As a stand alone graphic this is ridiculously awful. The one good thing it did was to have a stick figure running up the side, indicating that exercise is part of the program. The rest has almost no instructive value as a static graphic. If there were concerns before that some people wouldn’t be able to use the chart properly because they couldn’t read English, this chart has far greater problems to surmount. It can only be used in an interactive setting. The color coded bars aren’t even labeled, they all appear to be more or less even. So the idea it’s offering seems to be: eat everything in equal amounts and then go running. If you make it over to the mypyramid site you’ll see that it asks you questions about your height, weight and gender to help suggest a pyramid just for you. But the graphic gets left behind in the process in favor of tables.

Next?

For a project I was working on last summer, I took my own stab at redesigning the food pyramid by literally standing it on its head. Walter Willett’s book “Eat, Drink and Be Healthy” served as the nutritional guide. In addition to telling people what TO eat, the graphic tells people what NOT TO eat. Down at the bottom there is also a grey area representing foods in which the evidence has gone both ways. Some studies suggest that a glass of red wine every day is good but we also know that too much drinking is bad. And at least one study suggested that one daily serving of any alcoholic beverage was therapeutic, not just red wine. Vitamin supplements are another hot area with recent studies showing that they don’t do much.

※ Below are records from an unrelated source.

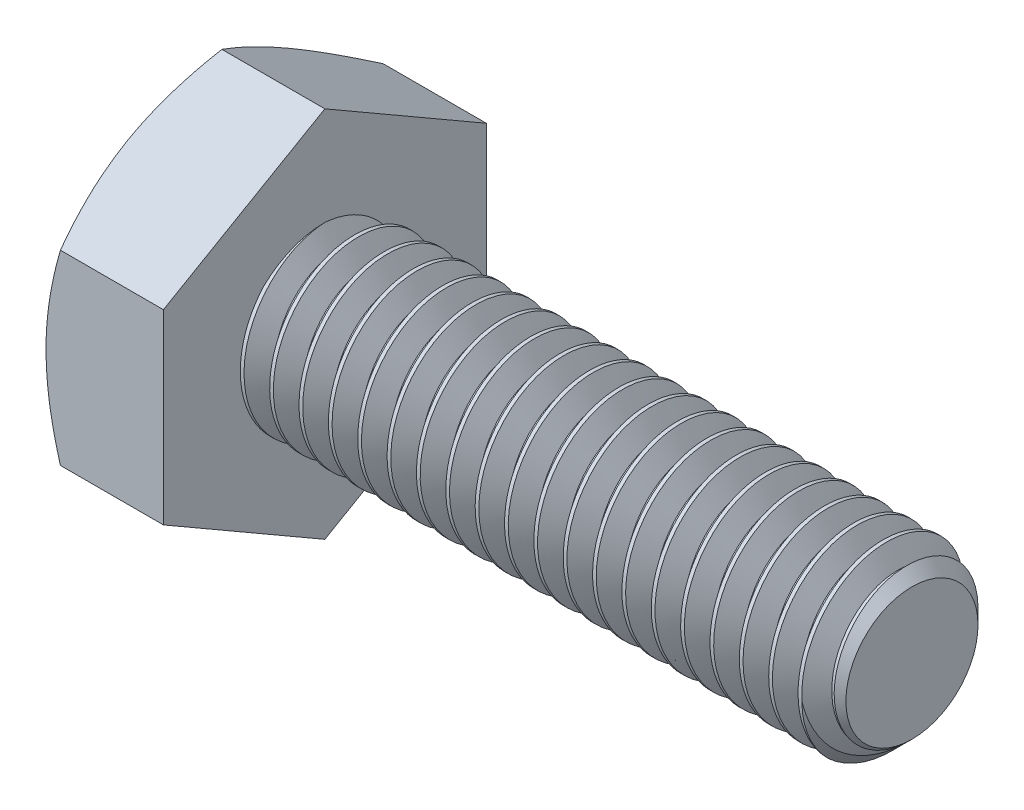
from build123d import *

# Parameters (mm, degrees)
SKETCH2_R           = 1.5
BOSS_EXTRUDE1_DEPTH = 10
CHAMFER1_SIZE       = 0.375
CUT_SWEEP1_PITCH    = 0.5
BOSS_EXTRUDE2_DEPTH = 2
SKETCH6_OUTSIDE_W   = 57.936
SKETCH6_OUTSIDE_H   = 58.786
SKETCH6_OUTSIDE_R   = 2.75
CUT_EXTRUDE1_DEPTH  = 13.714001609
CUT_EXTRUDE1_DRAFT  = -60
SKETCH7_W           = 0.13170865
SKETCH7_H           = 0.131708651
CUT_EXTRUDE2_DEPTH  = 0.25


with BuildPart() as part:
    # Sketch2 → Boss-Extrude1 (new body)
    with BuildSketch(Plane(origin=(6, 0, 0), x_dir=(0, 0, -1), z_dir=(1, 0, 0))):
        Circle(SKETCH2_R)
    extrude(amount=-BOSS_EXTRUDE1_DEPTH)

    # Chamfer1
    chamfer1_edges = [part.edges().sort_by_distance(p)[0] for p in [
        (6, 0, 1.5),
    ]]
    chamfer(chamfer1_edges, length=CHAMFER1_SIZE)

    # Cut-Sweep1: the profile of Sketch5 profile screwed along a right-hand helix of 21 turns, 6 arcs to a turn; built about Z, then put on its axis
    cut_sweep1_z = Axis((0, 0, 0), (0, 0, 1))
    cut_sweep1_corners = [(1.5003, 0, 0.000173205), (1.175240474, 0, -0.1875), (1.175240474, 0, -0.25), (1.5003, 0, -0.437673205)]
    with BuildLine(mode=Mode.PRIVATE) as cut_sweep1_profile:
        Line(cut_sweep1_corners[0], cut_sweep1_corners[1])
        Line(cut_sweep1_corners[1], cut_sweep1_corners[2])
        Line(cut_sweep1_corners[2], cut_sweep1_corners[3])
        Line(cut_sweep1_corners[3], cut_sweep1_corners[0])
    cut_sweep1_cap = Face(cut_sweep1_profile.wire())
    cut_sweep1_turn_angles = [0, 30, 60, 90, 120, 150, 180, 210, 240, 270, 300, 330, 360]
    cut_sweep1_turn_weights = [1, 0.8660254037844387, 1, 0.8660254037844387, 1, 0.8660254037844387, 1, 0.8660254037844387, 1, 0.8660254037844387, 1, 0.8660254037844387, 1]
    cut_sweep1_turn_rails = [Edge.make_bspline([Vector(p[0], p[1], 0).rotate(cut_sweep1_z, cut_sweep1_turn_angles[k]) / cut_sweep1_turn_weights[k] + Vector(0, 0, p[2] + CUT_SWEEP1_PITCH * cut_sweep1_turn_angles[k] / 360) for k in range(13)], [0, 0, 0, 1, 1, 2, 2, 3, 3, 4, 4, 5, 5, 6, 6, 6], 2, cut_sweep1_turn_weights) for p in cut_sweep1_corners]
    cut_sweep1_turn_sides = [Face.make_surface_from_curves(cut_sweep1_turn_rails[p[0]], cut_sweep1_turn_rails[p[1]]) for p in [(0, 1), (1, 2), (2, 3), (3, 0)]]
    cut_sweep1 = Plane(origin=(6, 0, 0), x_dir=(0, 1, 0), z_dir=(-1, 0, 0)) * Solid(Shell([*[p.moved(Location((0, 0, CUT_SWEEP1_PITCH * i))) for i in range(21) for p in cut_sweep1_turn_sides], cut_sweep1_cap, cut_sweep1_cap.rotate(cut_sweep1_z, 7560).moved(Location((0, 0, CUT_SWEEP1_PITCH * 7560 / 360)))]))
    add(cut_sweep1, mode=Mode.SUBTRACT)

    # Sketch3 → Boss-Extrude2 (add)
    with BuildSketch(Plane.ZY.offset(4)):
        Polygon((-2.75, -1.58771324), (0, -3.175426481), (2.75, -1.58771324), (2.75, 1.58771324), (0, 3.175426481), (-2.75, 1.58771324), align=None)
    extrude(amount=BOSS_EXTRUDE2_DEPTH)


with BuildPart() as cut_extrude1_tool:
    # Sketch6 outside → Cut-Extrude1 (with draft: the straight prism first)
    with BuildSketch(Plane.ZY.offset(6)):
        Rectangle(SKETCH6_OUTSIDE_W, SKETCH6_OUTSIDE_H)
        Circle(SKETCH6_OUTSIDE_R, mode=Mode.SUBTRACT)
    extrude(amount=-CUT_EXTRUDE1_DEPTH)
    # Cut-Extrude1: the draft: its side faces are tilted about the plane it starts from
    cut_extrude1_sides = [cut_extrude1_tool.faces().sort_by_distance(p)[0] for p in [
        (0.857000805, -29.393, 0),
        (0.857000805, 0, 28.968),
        (0.857000805, 29.393, 0),
        (0.857000805, 0, -28.968),
        (0.857000805, 0, -2.75),
    ]]
    draft(cut_extrude1_sides, Plane.ZY.offset(6), CUT_EXTRUDE1_DRAFT)


with BuildPart() as part_1:
    add(part.part)

    # Cut-Extrude1: cut by cut_extrude1_tool
    add(cut_extrude1_tool.part, mode=Mode.SUBTRACT)

    # Sketch7 → Cut-Extrude2 (cut)
    # profile 1 of 3: a face of its own
    with BuildSketch(Plane.ZY.offset(6)):
        with BuildLine():
            add(Edge.make_bspline(
                [(-0.726867115, 1.93846607), (-0.73936394, 1.943354899), (-0.763324498, 1.952728405), (-0.795641113, 1.971487429), (-0.822991963, 1.993067216), (-0.845041214, 2.017988147), (-0.861846751, 2.04573504), (-0.873947403, 2.075954123), (-0.881034967, 2.108813748), (-0.881967772, 2.131535333), (-0.882447958, 2.143231863)],
                knots=[0, 0, 0, 0, 1.16287356, 2.229614231, 3.228817875, 4.173350329, 5.100165549, 6.029633206, 6.985702163, 8, 8, 8, 8], degree=3))
            add(Edge.make_bspline(
                [(-0.882447958, 2.143231863), (-0.882221957, 2.152231827), (-0.88177831, 2.169899038), (-0.877945096, 2.195822679), (-0.871805651, 2.220664012), (-0.863092343, 2.244352926), (-0.852175996, 2.267084402), (-0.838401407, 2.28844199), (-0.822568373, 2.309029297), (-0.804020725, 2.328014123), (-0.783581538, 2.345402385), (-0.761442709, 2.360876232), (-0.737434831, 2.373530076), (-0.711958184, 2.384109756), (-0.684886798, 2.392392527), (-0.656125314, 2.398033555), (-0.625775122, 2.401621668), (-0.604978449, 2.402088541), (-0.594335285, 2.402327474)],
                knots=[0, 0, 0, 0, 0.994101948, 1.951453197, 2.889123786, 3.817215529, 4.736003873, 5.669743943, 6.620499649, 7.601567446, 8.596478358, 9.582687259, 10.579761808, 11.589151689, 12.62747492, 13.702346593, 14.8241243, 16, 16, 16, 16], degree=3))
            add(Edge.make_bspline(
                [(-0.594335285, 2.402327474), (-0.583624302, 2.402086115), (-0.562760515, 2.401615976), (-0.532249079, 2.398076073), (-0.503306091, 2.392142977), (-0.475948592, 2.383725406), (-0.450133452, 2.372963035), (-0.426030302, 2.359734669), (-0.403391015, 2.344258484), (-0.382794243, 2.326349923), (-0.364053636, 2.306907049), (-0.34781667, 2.286077151), (-0.333890741, 2.264346279), (-0.322383053, 2.241582413), (-0.313869622, 2.217526335), (-0.307380476, 2.192631271), (-0.303616471, 2.16660142), (-0.30316161, 2.148937457), (-0.302929896, 2.139939147)],
                knots=[0, 0, 0, 0, 1.171211919, 2.281388661, 3.353996503, 4.398126828, 5.406889753, 6.407389155, 7.400009931, 8.40008733, 9.387021643, 10.349004252, 11.283445052, 12.206096336, 13.131640667, 14.068727932, 15.016178647, 16, 16, 16, 16], degree=3))
            add(Edge.make_bspline(
                [(-0.302929896, 2.139939147), (-0.303306308, 2.128645746), (-0.30404438, 2.106501511), (-0.311565668, 2.074580412), (-0.323288238, 2.044780466), (-0.340230889, 2.017669609), (-0.361688126, 1.992967845), (-0.388314847, 1.971494332), (-0.419706675, 1.952764625), (-0.443062266, 1.943360555), (-0.455218023, 1.93846607)],
                knots=[0, 0, 0, 0, 0.998680737, 1.958225066, 2.887911823, 3.823713378, 4.77537694, 5.772726054, 6.840782926, 8, 8, 8, 8], degree=3))
            add(Edge.make_bspline(
                [(-0.455218023, 1.93846607), (-0.44754853, 1.935862641), (-0.43251965, 1.930761048), (-0.411273298, 1.92084198), (-0.391270497, 1.91014687), (-0.372398447, 1.898569408), (-0.355353764, 1.885248603), (-0.339567786, 1.870972062), (-0.325106884, 1.855538598), (-0.312168579, 1.838816949), (-0.300617309, 1.821158074), (-0.290728504, 1.802518919), (-0.282330132, 1.783164789), (-0.275152595, 1.763005935), (-0.269909971, 1.741900359), (-0.266241777, 1.719945054), (-0.263914412, 1.697255732), (-0.263584727, 1.68184564), (-0.263417301, 1.674019796)],
                knots=[0, 0, 0, 0, 1.104208047, 2.163768705, 3.193778962, 4.198696312, 5.179575955, 6.14024585, 7.100368562, 8.060719304, 9.021161243, 9.975749006, 10.935506756, 11.897452199, 12.89163552, 13.897859372, 14.932451246, 16, 16, 16, 16], degree=3))
            add(Edge.make_bspline(
                [(-0.263417301, 1.674019796), (-0.263679044, 1.663233663), (-0.264194697, 1.641984159), (-0.268725389, 1.610792381), (-0.275580527, 1.580828422), (-0.28557611, 1.55221886), (-0.298342952, 1.524943473), (-0.31413569, 1.499041865), (-0.332799155, 1.474540683), (-0.353782807, 1.451363768), (-0.377242518, 1.43041284), (-0.40262158, 1.41195045), (-0.430015217, 1.396485845), (-0.459091052, 1.383681207), (-0.489988311, 1.373757661), (-0.522667275, 1.366809074), (-0.557117072, 1.362671496), (-0.580672776, 1.362113684), (-0.592688927, 1.361829135)],
                knots=[0, 0, 0, 0, 1.017598406, 2.004746413, 2.969099523, 3.915171376, 4.859468899, 5.806714415, 6.772805022, 7.762836953, 8.753334612, 9.736396794, 10.719437652, 11.716790048, 12.730404696, 13.776887535, 14.865953843, 16, 16, 16, 16], degree=3))
            add(Edge.make_bspline(
                [(-0.592688927, 1.361829135), (-0.604703877, 1.362119816), (-0.628257224, 1.36268965), (-0.662738496, 1.366742641), (-0.695370706, 1.374006226), (-0.72622779, 1.38393986), (-0.755477138, 1.396397811), (-0.782686802, 1.412210873), (-0.808231639, 1.430649872), (-0.831707661, 1.451730387), (-0.852865614, 1.47490483), (-0.871283054, 1.499767857), (-0.886982039, 1.525936834), (-0.899901963, 1.553559282), (-0.909749891, 1.582635452), (-0.916661284, 1.613056183), (-0.921200176, 1.644798228), (-0.921703523, 1.666457929), (-0.921960554, 1.677518307)],
                knots=[0, 0, 0, 0, 1.127066097, 2.209429196, 3.250843736, 4.258219581, 5.246860502, 6.227045772, 7.204057202, 8.19754525, 9.181483529, 10.142920909, 11.095356922, 12.039670968, 12.998174893, 13.969127444, 14.962948905, 16, 16, 16, 16], degree=3))
            add(Edge.make_bspline(
                [(-0.921960554, 1.677518307), (-0.921781898, 1.685753581), (-0.921431345, 1.701912613), (-0.919289935, 1.725613517), (-0.915022145, 1.748202969), (-0.909524961, 1.76981409), (-0.902545257, 1.790500944), (-0.893934463, 1.810101077), (-0.883487352, 1.828567119), (-0.871618749, 1.846019226), (-0.858178885, 1.862334879), (-0.84338559, 1.877371198), (-0.827185128, 1.890957154), (-0.809941552, 1.903489554), (-0.790932073, 1.91408189), (-0.770863647, 1.923802332), (-0.749391246, 1.932092067), (-0.734450352, 1.936320124), (-0.726867115, 1.93846607)],
                knots=[0, 0, 0, 0, 1.117345089, 2.192424383, 3.22371675, 4.232639188, 5.215561493, 6.182180952, 7.132172269, 8.089790513, 9.041830748, 9.996006267, 10.94686322, 11.907506267, 12.882866327, 13.894317773, 14.931262935, 16, 16, 16, 16], degree=3))
        make_face()
        with BuildLine():
            add(Edge.make_bspline(
                [(-0.750739308, 2.142614479), (-0.750348398, 2.132129547), (-0.749592987, 2.111868007), (-0.74137781, 2.083087974), (-0.728531658, 2.057235433), (-0.713471799, 2.038487769), (-0.699033176, 2.025714016), (-0.686982157, 2.017185435), (-0.673812723, 2.009944842), (-0.659429469, 2.004316996), (-0.644180757, 1.999331075), (-0.627540681, 1.996544308), (-0.609900356, 1.994278832), (-0.597705187, 1.994114758), (-0.591454159, 1.994030657)],
                knots=[0, 0, 0, 0, 1.528727296, 2.954179336, 4.335216052, 5.725683216, 6.435919001, 7.148062981, 7.879427438, 8.626027458, 9.402978632, 10.2190538, 11.08711833, 12, 12, 12, 12], degree=3))
            add(Edge.make_bspline(
                [(-0.591454159, 1.994030657), (-0.585341116, 1.994117866), (-0.573421016, 1.994287919), (-0.556177993, 1.996507208), (-0.539883396, 1.999471279), (-0.524778012, 2.003962872), (-0.51068745, 2.009803253), (-0.497840886, 2.017003001), (-0.485853891, 2.025277577), (-0.471839421, 2.038148921), (-0.456800344, 2.056239968), (-0.443911141, 2.080937639), (-0.435879138, 2.107958357), (-0.435059337, 2.126779863), (-0.434638547, 2.136440636)],
                knots=[0, 0, 0, 0, 0.922112375, 1.798068639, 2.620552757, 3.419964248, 4.17189205, 4.918165909, 5.639229138, 6.36503528, 7.785020832, 9.165298717, 10.544993853, 12, 12, 12, 12], degree=3))
            add(Edge.make_bspline(
                [(-0.434638547, 2.136440636), (-0.43514554, 2.146439122), (-0.436137595, 2.166003571), (-0.444149978, 2.19408922), (-0.457639527, 2.219526429), (-0.473049466, 2.238102863), (-0.487311851, 2.251560396), (-0.499514048, 2.260127017), (-0.512631456, 2.267417969), (-0.526713999, 2.273372013), (-0.541782041, 2.278174012), (-0.5578764, 2.281324354), (-0.574929448, 2.2835338), (-0.586644539, 2.283702598), (-0.592688927, 2.283789689)],
                knots=[0, 0, 0, 0, 1.480633456, 2.897216237, 4.289382554, 5.720567045, 6.454675042, 7.191244726, 7.924224627, 8.676083236, 9.454506446, 10.26432127, 11.104478565, 12, 12, 12, 12], degree=3))
            add(Edge.make_bspline(
                [(-0.592688927, 2.283789689), (-0.598733988, 2.283705414), (-0.610518539, 2.283541126), (-0.627682784, 2.281265379), (-0.643929669, 2.278407087), (-0.659109306, 2.273820057), (-0.673158599, 2.267825875), (-0.686224291, 2.260530828), (-0.698403368, 2.252183028), (-0.712765956, 2.239325588), (-0.727808401, 2.221234132), (-0.741060372, 2.196930912), (-0.749250519, 2.1704322), (-0.750236898, 2.152001903), (-0.750739308, 2.142614479)],
                knots=[0, 0, 0, 0, 0.914830409, 1.783417199, 2.618873138, 3.411020283, 4.179090249, 4.927874451, 5.674348476, 6.410336976, 7.841713217, 9.213201474, 10.580551314, 12, 12, 12, 12], degree=3))
        make_face(mode=Mode.SUBTRACT)
        with BuildLine():
            add(Edge.make_bspline(
                [(-0.790251903, 1.679987844), (-0.790024149, 1.671536696), (-0.789568041, 1.654612137), (-0.785566993, 1.629475581), (-0.778778044, 1.604807114), (-0.770076823, 1.580583434), (-0.757803211, 1.557782252), (-0.74152702, 1.53743052), (-0.721103449, 1.52032001), (-0.697778614, 1.505864402), (-0.672325222, 1.494486595), (-0.645802044, 1.4865445), (-0.618893628, 1.481296759), (-0.600738883, 1.480676902), (-0.591659953, 1.48036692)],
                knots=[0, 0, 0, 0, 0.957879255, 1.91828174, 2.876792425, 3.856375228, 4.831004356, 5.799187063, 6.79220414, 7.836856316, 8.902268238, 9.943090861, 10.971368942, 12, 12, 12, 12], degree=3))
            add(Edge.make_bspline(
                [(-0.591659953, 1.48036692), (-0.584173397, 1.480493737), (-0.569629151, 1.480740106), (-0.548428195, 1.483555399), (-0.528452101, 1.487827119), (-0.50960935, 1.493684348), (-0.492177286, 1.501697425), (-0.475872034, 1.511062971), (-0.460860378, 1.52238195), (-0.447146566, 1.535299763), (-0.434870273, 1.549589284), (-0.424354076, 1.565004556), (-0.415180673, 1.581112061), (-0.407691009, 1.598259423), (-0.402274775, 1.616482003), (-0.398095385, 1.635451026), (-0.395574083, 1.655362146), (-0.395277494, 1.668936264), (-0.395125952, 1.675871949)],
                knots=[0, 0, 0, 0, 1.149387474, 2.232932207, 3.278773642, 4.285224938, 5.256757121, 6.220082341, 7.168479488, 8.137608443, 9.109140627, 10.056190326, 10.999892409, 11.953252726, 12.923240661, 13.915357002, 14.934853301, 16, 16, 16, 16], degree=3))
            add(Edge.make_bspline(
                [(-0.395125952, 1.675871949), (-0.39528232, 1.682943773), (-0.395588464, 1.696789278), (-0.398045692, 1.717137406), (-0.402459435, 1.73644016), (-0.408135527, 1.754989149), (-0.415828255, 1.772461673), (-0.425062297, 1.789108268), (-0.436370248, 1.804490166), (-0.448770318, 1.819129585), (-0.462803045, 1.832381644), (-0.478299567, 1.843809394), (-0.494768766, 1.853902033), (-0.512708848, 1.86164394), (-0.53172457, 1.867845383), (-0.551906272, 1.872351446), (-0.573336241, 1.875105883), (-0.588015675, 1.875361385), (-0.595570054, 1.875492872)],
                knots=[0, 0, 0, 0, 1.065858887, 2.086781919, 3.082735321, 4.047496077, 5.006086125, 5.955204095, 6.910833714, 7.878747924, 8.844339535, 9.812198509, 10.776903849, 11.749116737, 12.749729282, 13.788304076, 14.861809717, 16, 16, 16, 16], degree=3))
            add(Edge.make_bspline(
                [(-0.595570054, 1.875492872), (-0.602919289, 1.875360076), (-0.617326077, 1.875099755), (-0.638255158, 1.872329716), (-0.658068568, 1.868075855), (-0.676591987, 1.861849762), (-0.694057016, 1.854069627), (-0.710144225, 1.844286664), (-0.725140608, 1.832931436), (-0.73858808, 1.819733142), (-0.750721185, 1.805396207), (-0.761211553, 1.790027057), (-0.77047873, 1.773982209), (-0.777511395, 1.756735175), (-0.783463917, 1.738843519), (-0.787185184, 1.719959983), (-0.78983054, 1.700299118), (-0.790109396, 1.686857225), (-0.790251903, 1.679987844)],
                knots=[0, 0, 0, 0, 1.135239447, 2.225422834, 3.256957183, 4.262780498, 5.240265059, 6.205773948, 7.16638056, 8.141101257, 9.111719309, 10.064571387, 11.014055337, 11.969087385, 12.938082716, 13.92369833, 14.938921288, 16, 16, 16, 16], degree=3))
        make_face(mode=Mode.SUBTRACT)
    # profile 2 of 3: a face of its own
    with BuildSketch(Plane.ZY.offset(6)):
        with Locations((0, 1.440854326)):
            Rectangle(SKETCH7_W, SKETCH7_H)
    # profile 3 of 3: a face of its own
    with BuildSketch(Plane.ZY.offset(6)):
        with BuildLine():
            add(Edge.make_bspline(
                [(0.45851074, 1.93846607), (0.446013914, 1.943354899), (0.422053356, 1.952728405), (0.389736741, 1.971487429), (0.362385892, 1.993067216), (0.340336641, 2.017988147), (0.323531103, 2.04573504), (0.311430451, 2.075954123), (0.304342888, 2.108813748), (0.303410082, 2.131535333), (0.302929896, 2.143231863)],
                knots=[0, 0, 0, 0, 1.16287356, 2.229614231, 3.228817875, 4.173350329, 5.100165549, 6.029633206, 6.985702163, 8, 8, 8, 8], degree=3))
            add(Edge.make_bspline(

I welcome comments on this particular pyramid.

Based on data from Walter Willett's Eat Drink and Be Healthy
Based on data from Walter Willett's Eat Drink and Be Healthy

Relevant Resources

Kolata, Gina. (2006, 8 February) Low-Fat Diet Does Not Cut Health Risks, Study Finds The New York Times online.

Kolata, Gina. (1994, 14 April) Vitamin Supplements Are Seen As No Guard Against Diseases New York Times.

mypyramid.gov

Nestle, Marion. (2007) Food Politics: How the food industry influences nutrition and health, 2nd ed. Berkeley: University of California Press.

Parker-Pope, Tara. (2009, 16 February) Vitamin Pills: A False Hope? Well Blog: The New York Times online.

Rabin, R.C. (2009, June 15) Alcohol is good for you? Some scientists doubt it” New York Times online.

Willett WC. Eat, Drink, and Be Healthy. New York: Simon and Schuster, 2001.